This may be a naive question/observation, but it seems to me like treating the trace as a vector conflates the behavior before convergence and after convergence. Note that my intuition is that SGLD is basically an MCMC technique, so if I’m misunderstanding, it’s probably because of that.
After convergence, the samples should be viewed as drawn from the stationary distribution, and ideally they have low autocorrelation, so it doesn’t seem to make sense to treat them as a vector, since there should be many equivalent traces. I’d be interested to see density estimates per sample point, not just the per-timestep ones you have.

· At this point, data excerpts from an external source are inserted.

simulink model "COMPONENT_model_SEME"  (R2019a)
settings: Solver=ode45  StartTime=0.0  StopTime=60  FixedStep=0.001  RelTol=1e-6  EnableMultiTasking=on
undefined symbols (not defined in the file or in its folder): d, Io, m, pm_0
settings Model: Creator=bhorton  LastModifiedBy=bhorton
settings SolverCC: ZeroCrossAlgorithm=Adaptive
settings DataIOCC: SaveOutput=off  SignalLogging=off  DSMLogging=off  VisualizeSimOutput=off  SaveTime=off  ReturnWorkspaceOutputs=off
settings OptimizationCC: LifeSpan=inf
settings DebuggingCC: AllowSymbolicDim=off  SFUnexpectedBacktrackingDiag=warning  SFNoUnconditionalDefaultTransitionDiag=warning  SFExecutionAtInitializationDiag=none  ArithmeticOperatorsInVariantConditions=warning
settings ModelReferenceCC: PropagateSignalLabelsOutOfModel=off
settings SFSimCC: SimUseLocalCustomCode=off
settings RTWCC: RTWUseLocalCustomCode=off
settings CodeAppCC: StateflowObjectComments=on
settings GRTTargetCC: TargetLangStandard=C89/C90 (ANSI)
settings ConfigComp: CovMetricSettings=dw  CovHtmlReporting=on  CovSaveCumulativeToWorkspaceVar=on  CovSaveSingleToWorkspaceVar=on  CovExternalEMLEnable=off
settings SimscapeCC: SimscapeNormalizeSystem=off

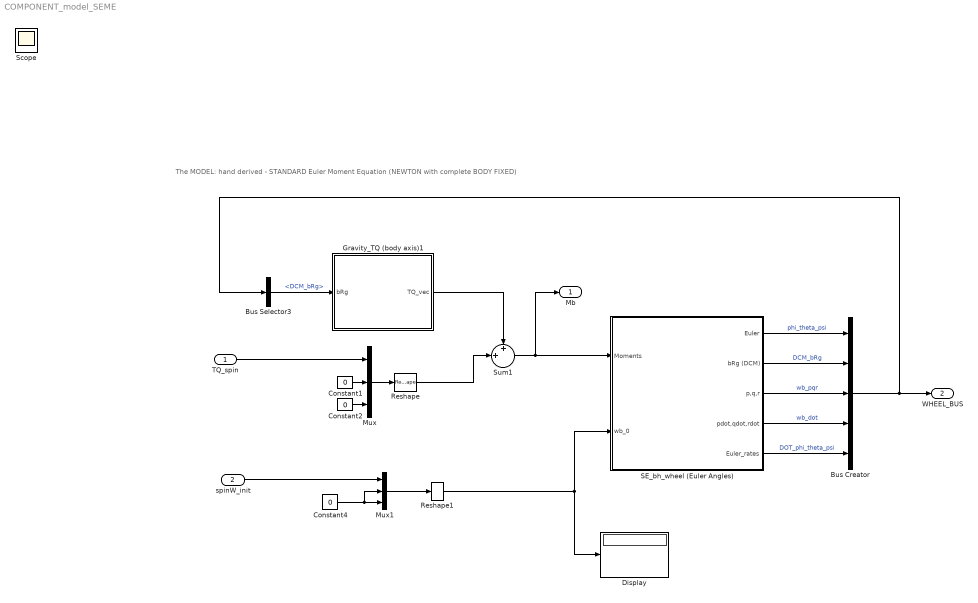
== system COMPONENT_model_SEME ==
  note: The MODEL: hand derived - STANDARD Euler Moment Equation (NEWTON with complete BODY FIXED)
  TQ_spin : Inport
  spinW_init : Inport  Port=2
  Bus Creator : BusCreator  Inputs=5
  Bus Selector3 : BusSelector  OutputSignals=DCM_bRg
  Constant1 : Constant  Value=0
  Constant2 : Constant  Value=0
  Constant4 : Constant  Value=0
  Display : Display
  Gravity_TQ (body axis)1 : Subsystem
  Mux : Mux  Inputs=3
  Mux1 : Mux  Inputs=3
  Reshape : Reshape  OutputDimensionality=Column vector (2-D)
  Reshape1 : Reshape  OutputDimensionality=Column vector (2-D)
  SE_bh_wheel (Euler Angles) : Subsystem  mask(bh_wheel_EoM (Body Axis)){inertia_0=Io, wb_0=[0;0;0], eul_0=deg2rad([0;0;0])}
      mask prompts: inertia_0 "Vehicle Inertia about TOWER pivot point, [kg.m^2]"; wb_0 "Initial body FRAME rotation rates [p,q,r], [rad/sec]"; eul_0 "Initial Euler orientation [yaw, pitch, roll], [rad]"
      mask DialogControl DescTextVar Prompt: Implementation of wheel on a tower equations of motion.
      mask DialogControl Control16 Prompt: Euler angles are used to describe angular pose.
      mask DialogControl Container16 Prompt: PASSIVE rotation sequence
      mask DialogControl Control22 Prompt: The co-ordinate transformation that converts the components of a
      mask DialogControl Control23 Prompt: G-frame vector into its components in the B-frame, is:
      mask DialogControl Control24 Prompt: vb = pR3X(psi) * pR2Y(theta) * pR1Z(phi) * vg
      mask DialogControl Control25 Prompt: vb = bRg * vg
      mask DialogControl Control53 Prompt: You can READ more about PASSIVE rotations, HERE.
      mask DialogControl Control53 Callback: winopen('CONCEPT_PASSIVE_rotations.pdf')
      mask DialogControl Container22 Prompt: ACTIVE rotation sequence
      mask DialogControl Control26 Prompt: To actively reposition (ie: rotate) a B-frame that is initially coincident
      mask DialogControl Control27 Prompt: with the inertial G-frame, into a new pose, we would:
      mask DialogControl Control28 Prompt: vg = inv(pR1Z(phi)) * inv(pR2Y(theta)) * inv(pR3X(psi)) * vb
      mask DialogControl Control30 Prompt: If we define:    aR( ) == inv( pR()  ),  then we can write the above as:
      mask DialogControl Control32 Prompt: vg = aR1Z(phi) * aR2Y(theta) * aR3(psi) * vb
      mask DialogControl Control40 Prompt: You can READ more about ACTIVE rotations, HERE.
      mask DialogControl Control40 Callback: winopen('CONCEPT_ACTIVE_rotations.pdf')
      mask DialogControl Container4 Prompt: Parameters
      mask DialogControl Control11 Prompt: ATTENTION:  note the order of the angles in the list above.
      mask DialogControl Control12 Prompt: This is DIFFERENT to the order used in the Aerospace blockset.
      mask DialogControl Container6 Prompt: DOC
      mask DialogControl Control6 Prompt: In this EULER angle implementation we define the
      mask DialogControl Control7 Prompt: following sequence that rotates a G-frame
      mask DialogControl Control8 Prompt: into a B-frame:
      mask DialogControl Control9_copy Prompt: 1.)  R1Z  : a local rotation about the Z axis by phi, (YAW)
      mask DialogControl Control9_copy_copy Prompt: 2.)  R2Y  : a local rotation about the Y axis by theta, (PITCH)
      mask DialogControl Control17 Prompt: 3.)  R3X  : a local rotation about the X axis by psi, (ROLL)
      mask Display:
      | %port_label('input',1,'{{Mb_{xyz}} (N-m)}','texmode','on');
      | %port_label('output',1,'{\Phi_{Z1} \theta_{Y2} \Psi_{X3} (rad)}','texmode','on');
      | %port_label('output',2,'{DCM bRg }','texmode','on');
      | %port_label('output',3,'{{\omega_b (rad/s)}}','texmode','on');
      | %port_label('output',4,'{{d\omega_b/dt}}','texmode','on');
      | %port_label('output',5,'{d\Phi_{Z1} d\theta_{Y2} d\Psi_{X3} (rad/sec)}','texmode','on');
      | 
      | text(0.5,0.7248,'Body\nEuler Angles','horizontalAlignment','center')
      | text(0.5,0.5048,'WHEEL\nsystem','horizontalAlignment','center')
      | text(0.5,0.3112,'Inertia about\nPIVOT point','horizontalAlignment','center')
  Sum1 : Sum  Inputs=+|+||
  Mb : Outport
  WHEEL_BUS : Outport  Port=2  OutDataTypeStr=Bus: EME_BUS
  Scope : Scope
  wires:
  Constant4/1 -> Mux1/2, Mux1/3
  SE_bh_wheel (Euler Angles)/1(Euler) -> Bus Creator/1  "phi_theta_psi"
  Reshape1/1 -> SE_bh_wheel (Euler Angles)/2(wb_0), Display/1
  Reshape/1 -> Sum1/2
  SE_bh_wheel (Euler Angles)/5(Euler_rates) -> Bus Creator/5  "DOT_phi_theta_psi"
  Bus Creator/1 -> Bus Selector3/1, WHEEL_BUS/1
  spinW_init/1 -> Mux1/1
  Sum1/1 -> SE_bh_wheel (Euler Angles)/1(Moments), Mb/1
  SE_bh_wheel (Euler Angles)/4(pdot,qdot,rdot) -> Bus Creator/4  "wb_dot"
  SE_bh_wheel (Euler Angles)/2(bRg (DCM)) -> Bus Creator/2  "DCM_bRg"
  Gravity_TQ (body axis)1/1(TQ_vec) -> Sum1/1
  Mux1/1 -> Reshape1/1
  SE_bh_wheel (Euler Angles)/3(p,q,r) -> Bus Creator/3  "wb_pqr"
  Bus Selector3/1 -> Gravity_TQ (body axis)1/1(bRg)  "<DCM_bRg>"
  Constant1/1 -> Mux/2
  TQ_spin/1 -> Mux/1
  Constant2/1 -> Mux/3
  Mux/1 -> Reshape/1

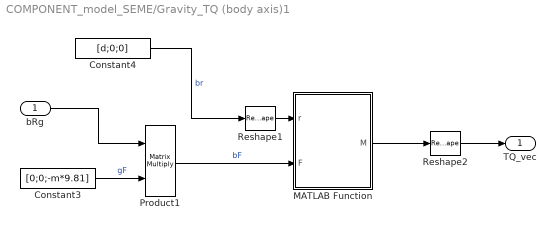
== system COMPONENT_model_SEME/Gravity_TQ (body axis)1 ==
  bRg : Inport
  Constant3 : Constant  Value=[0;0;-m*9.81]  VectorParams1D=off
  Constant4 : Constant  Value=[d;0;0]  VectorParams1D=off
  MATLAB Function : MATLAB Function  TreatAsAtomicUnit=on
  Product1 : Product  Multiplication=Matrix(*)
  Reshape1 : Reshape  OutputDimensionality=Column vector (2-D)
  Reshape2 : Reshape  OutputDimensionality=Column vector (2-D)
  TQ_vec : Outport
  wires:
  Constant3/1 -> Product1/2  "gF"
  bRg/1 -> Product1/1
  Product1/1 -> MATLAB Function/2(F)  "bF"
  Constant4/1 -> Reshape1/1  "br"
  Reshape1/1 -> MATLAB Function/1(r)
  MATLAB Function/1(M) -> Reshape2/1
  Reshape2/1 -> TQ_vec/1

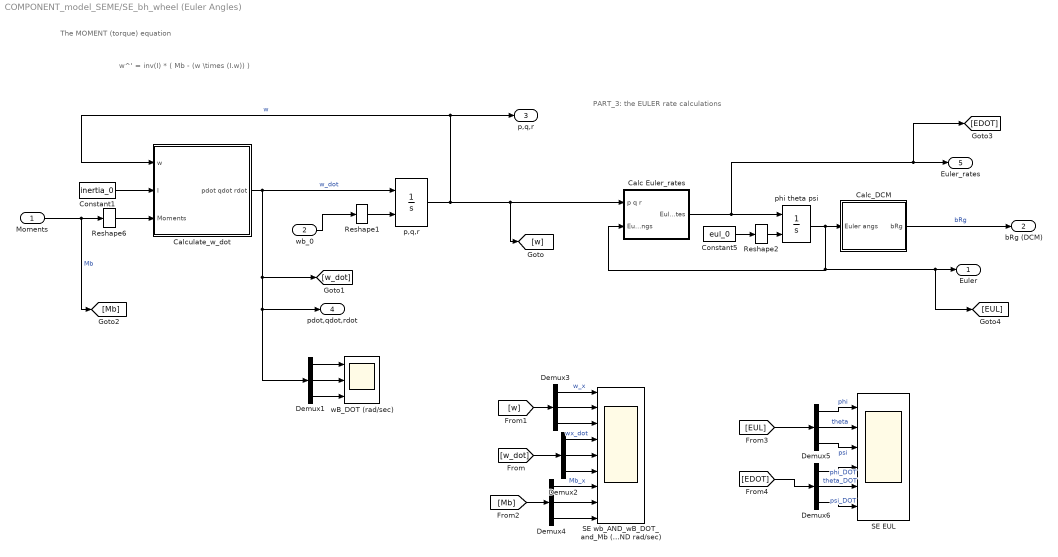
== system COMPONENT_model_SEME/SE_bh_wheel (Euler Angles) ==
  note: w^' = inv(I) * ( Mb - (w \times (I.w)) )
  note: The MOMENT (torque) equation
  note: PART_3: the EULER rate calculations
  Moments : Inport  PortDimensions=3
  wb_0 : Inport  Port=2  PortDimensions=3
  Calc Euler_rates : Subsystem
  Calc_DCM : Subsystem
  Calculate_w_dot : Subsystem
      mask init:
      | %aeroicon('aeroblk');
  Constant1 : Constant  Value=inertia_0  OutDataTypeStr=Inherit: Inherit via back propagation
  Constant5 : Constant  Value=eul_0  OutDataTypeStr=Inherit: Inherit via back propagation
  Demux{1..6} (6 alike) : Demux  Outputs=3
  Reshape1 : Reshape  OutputDimensionality=Column vector (2-D)
  Reshape2 : Reshape  OutputDimensionality=Column vector (2-D)
  Reshape6 : Reshape  OutputDimensionality=Column vector (2-D)
  SE EUL : Scope  NumInputPorts=6
  SE wb_AND_wB_DOT_and_Mb (rad AND rad/sec) : Scope  NumInputPorts=9
  "p,q,r " : Integrator  InitialConditionSource=external  InitialCondition=pm_0
  phi theta psi : Integrator  InitialConditionSource=external  InitialCondition=eul_0
  wB_DOT (rad/sec) : Scope  NumInputPorts=3
  Euler : Outport
  bRg (DCM) : Outport  Port=2
  p,q,r : Outport  Port=3
  pdot,qdot,rdot : Outport  Port=4
  Euler_rates : Outport  Port=5
  wires:
  Moments/1 -> [Mb], Reshape6/1  "Mb"
  Constant1/1 -> Calculate_w_dot/2(I)
  Calculate_w_dot/1(pdot qdot rdot) -> [w_dot], Demux1/1, pdot,qdot,rdot/1, "p,q,r "/1  "w_dot"
  Reshape6/1 -> Calculate_w_dot/3(Moments)
  Reshape1/1 -> "p,q,r "/2
  wb_0/1 -> Reshape1/1
  Demux1/1 -> wB_DOT (rad/sec)/1
  Demux1/2 -> wB_DOT (rad/sec)/2
  Demux1/3 -> wB_DOT (rad/sec)/3
  Reshape2/1 -> phi theta psi/2
  "p,q,r "/1 -> [w], Calc Euler_rates/1("p q r "), Calculate_w_dot/1(w), p,q,r/1  "w"
  Constant5/1 -> Reshape2/1
  Calc Euler_rates/1(Euler_rates) -> phi theta psi/1, [EDOT], Euler_rates/1
  phi theta psi/1 -> Calc Euler_rates/2(Euler_angs), [EUL], Euler/1, Calc_DCM/1(Euler angs)
  Calc_DCM/1(bRg) -> bRg (DCM)/1  "bRg"
  Demux2/2 -> SE wb_AND_wB_DOT_and_Mb (rad AND rad/sec)/5
  Demux3/1 -> SE wb_AND_wB_DOT_and_Mb (rad AND rad/sec)/1  "w_x"
  Demux4/3 -> SE wb_AND_wB_DOT_and_Mb (rad AND rad/sec)/9
  Demux2/3 -> SE wb_AND_wB_DOT_and_Mb (rad AND rad/sec)/6
  Demux3/3 -> SE wb_AND_wB_DOT_and_Mb (rad AND rad/sec)/3
  [Mb] -> Demux4/1
  [w_dot] -> Demux2/1
  [w] -> Demux3/1
  Demux4/1 -> SE wb_AND_wB_DOT_and_Mb (rad AND rad/sec)/7  "Mb_x"
  Demux3/2 -> SE wb_AND_wB_DOT_and_Mb (rad AND rad/sec)/2
  Demux4/2 -> SE wb_AND_wB_DOT_and_Mb (rad AND rad/sec)/8
  Demux2/1 -> SE wb_AND_wB_DOT_and_Mb (rad AND rad/sec)/4  "wx_dot"
  Demux5/2 -> SE EUL/2  "theta"
  Demux5/3 -> SE EUL/3  "psi"
  Demux5/1 -> SE EUL/1  "phi"
  [EUL] -> Demux5/1
  Demux6/2 -> SE EUL/5  "theta_DOT"
  [EDOT] -> Demux6/1
  Demux6/1 -> SE EUL/4  "phi_DOT"
  Demux6/3 -> SE EUL/6  "psi_DOT"

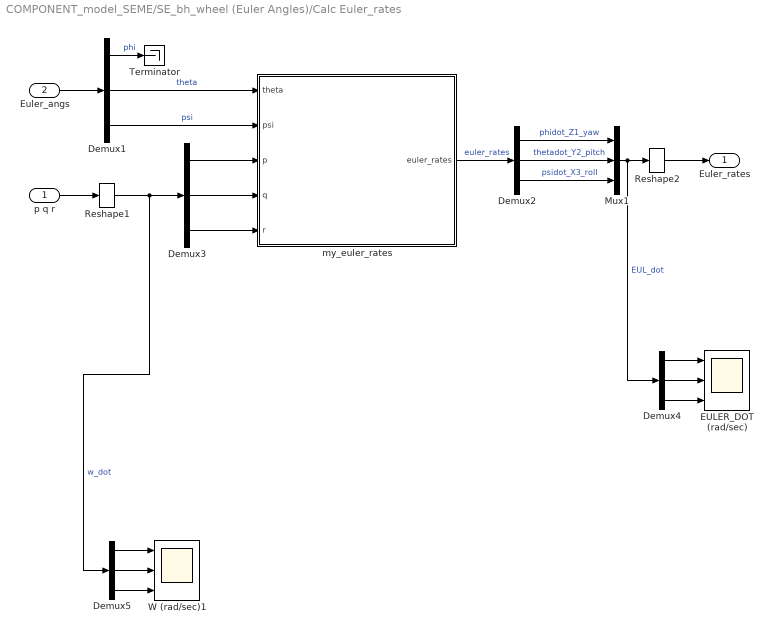
== system COMPONENT_model_SEME/SE_bh_wheel (Euler Angles)/Calc Euler_rates ==
  "p q r " : Inport
  Euler_angs : Inport  Port=2
  Demux{1..5} (5 alike) : Demux  Outputs=3
  EULER_DOT (rad/sec) : Scope  NumInputPorts=3
  Mux1 : Mux  Inputs=3
  Reshape1 : Reshape  OutputDimensionality=Column vector (2-D)
  Reshape2 : Reshape  OutputDimensionality=Column vector (2-D)
  Terminator : Terminator
  W (rad/sec)1 : Scope  NumInputPorts=3
  my_euler_rates : MATLAB Function  TreatAsAtomicUnit=on
  Euler_rates : Outport
  wires:
  my_euler_rates/1(euler_rates) -> Demux2/1  "euler_rates"
  Demux2/3 -> Mux1/3  "psidot_X3_roll"
  Demux2/2 -> Mux1/2  "thetadot_Y2_pitch"
  Demux2/1 -> Mux1/1  "phidot_Z1_yaw"
  Reshape2/1 -> Euler_rates/1
  Demux3/3 -> my_euler_rates/5(r)
  Demux3/2 -> my_euler_rates/4(q)
  Demux3/1 -> my_euler_rates/3(p)
  Euler_angs/1 -> Demux1/1
  "p q r "/1 -> Reshape1/1
  Demux1/2 -> my_euler_rates/1(theta)  "theta"
  Demux1/1 -> Terminator/1  "phi"
  Demux1/3 -> my_euler_rates/2(psi)  "psi"
  Demux4/3 -> EULER_DOT (rad/sec)/3
  Demux4/2 -> EULER_DOT (rad/sec)/2
  Demux4/1 -> EULER_DOT (rad/sec)/1
  Mux1/1 -> Demux4/1, Reshape2/1  "EUL_dot"
  Reshape1/1 -> Demux5/1, Demux3/1  "w_dot"
  Demux5/2 -> W (rad/sec)1/2
  Demux5/1 -> W (rad/sec)1/1
  Demux5/3 -> W (rad/sec)1/3

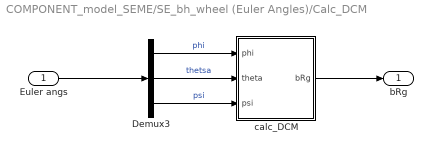
== system COMPONENT_model_SEME/SE_bh_wheel (Euler Angles)/Calc_DCM ==
  Euler angs : Inport
  Demux3 : Demux  Outputs=3
  calc_DCM : MATLAB Function  TreatAsAtomicUnit=on
  bRg : Outport
  wires:
  calc_DCM/1(bRg) -> bRg/1
  Demux3/3 -> calc_DCM/3(psi)  "psi"
  Demux3/2 -> calc_DCM/2(theta)  "thetsa"
  Demux3/1 -> calc_DCM/1(phi)  "phi"
  Euler angs/1 -> Demux3/1

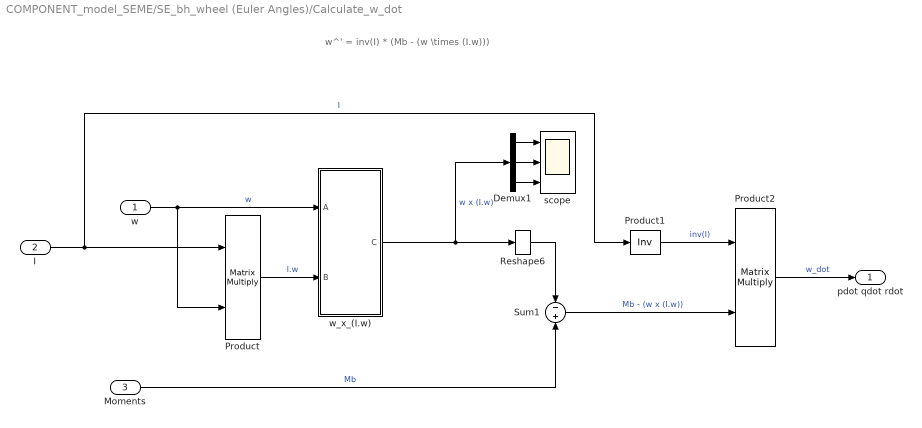
== system COMPONENT_model_SEME/SE_bh_wheel (Euler Angles)/Calculate_w_dot ==
  note: w^' = inv(I) * (Mb - (w \times (I.w)))
  w : Inport
  I : Inport  Port=2
  Moments : Inport  Port=3
  Demux1 : Demux  Outputs=3
  Product : Product  Multiplication=Matrix(*)  SaturateOnIntegerOverflow=on  InputSameDT=on  OutDataTypeStr=Inherit: Same as first input
  Product1 : Product  Inputs=/  Multiplication=Matrix(*)  SaturateOnIntegerOverflow=on  OutDataTypeStr=Inherit: Same as first input
  Product2 : Product  Multiplication=Matrix(*)  SaturateOnIntegerOverflow=on  OutDataTypeStr=Inherit: Same as first input
  Reshape6 : Reshape  OutputDimensionality=Column vector (2-D)
  Sum1 : Sum  Inputs=-|+  SaturateOnIntegerOverflow=on
  scope : Scope  NumInputPorts=3
  w_x_(I.w) : Subsystem
      mask Display:
      | text(.5,.5,'Cross\nProduct\n\nC = AxB', ...
      | 	'HorizontalAlignment','Center',...
      | 	'VerticalAlignment','middle')
  pdot qdot rdot : Outport
  wires:
  w/1 -> w_x_(I.w)/1(A), Product/2  "w"
  Product/1 -> w_x_(I.w)/2(B)  "I.w"
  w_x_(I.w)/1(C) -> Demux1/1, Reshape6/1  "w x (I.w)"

Before convergence, it does make sense to look at the vector, but it’s still noisy, so I’d also be interested in certain summaries of it; for example, time to convergence and slope of loss (which is a function of time and the mean loss of the stationary distribution).
I also find myself wondering about other, more tangential things:
Could you use a per-sample gradient trace (rather than the loss trace) of the SGLD to learn something?
Does it make sense to e.g. run multiple chains?
Does it make sense to change the temperature throughout the run (like simulated annealing) rather than just run with each temperature?
Thanks!
I did notice that we were comparing traces at the same parameters values by the third read-through, so I appreciate the clarification. I think the thing that would have made this clear to me is an explicit mention that it only makes sense to compare traces within the same run.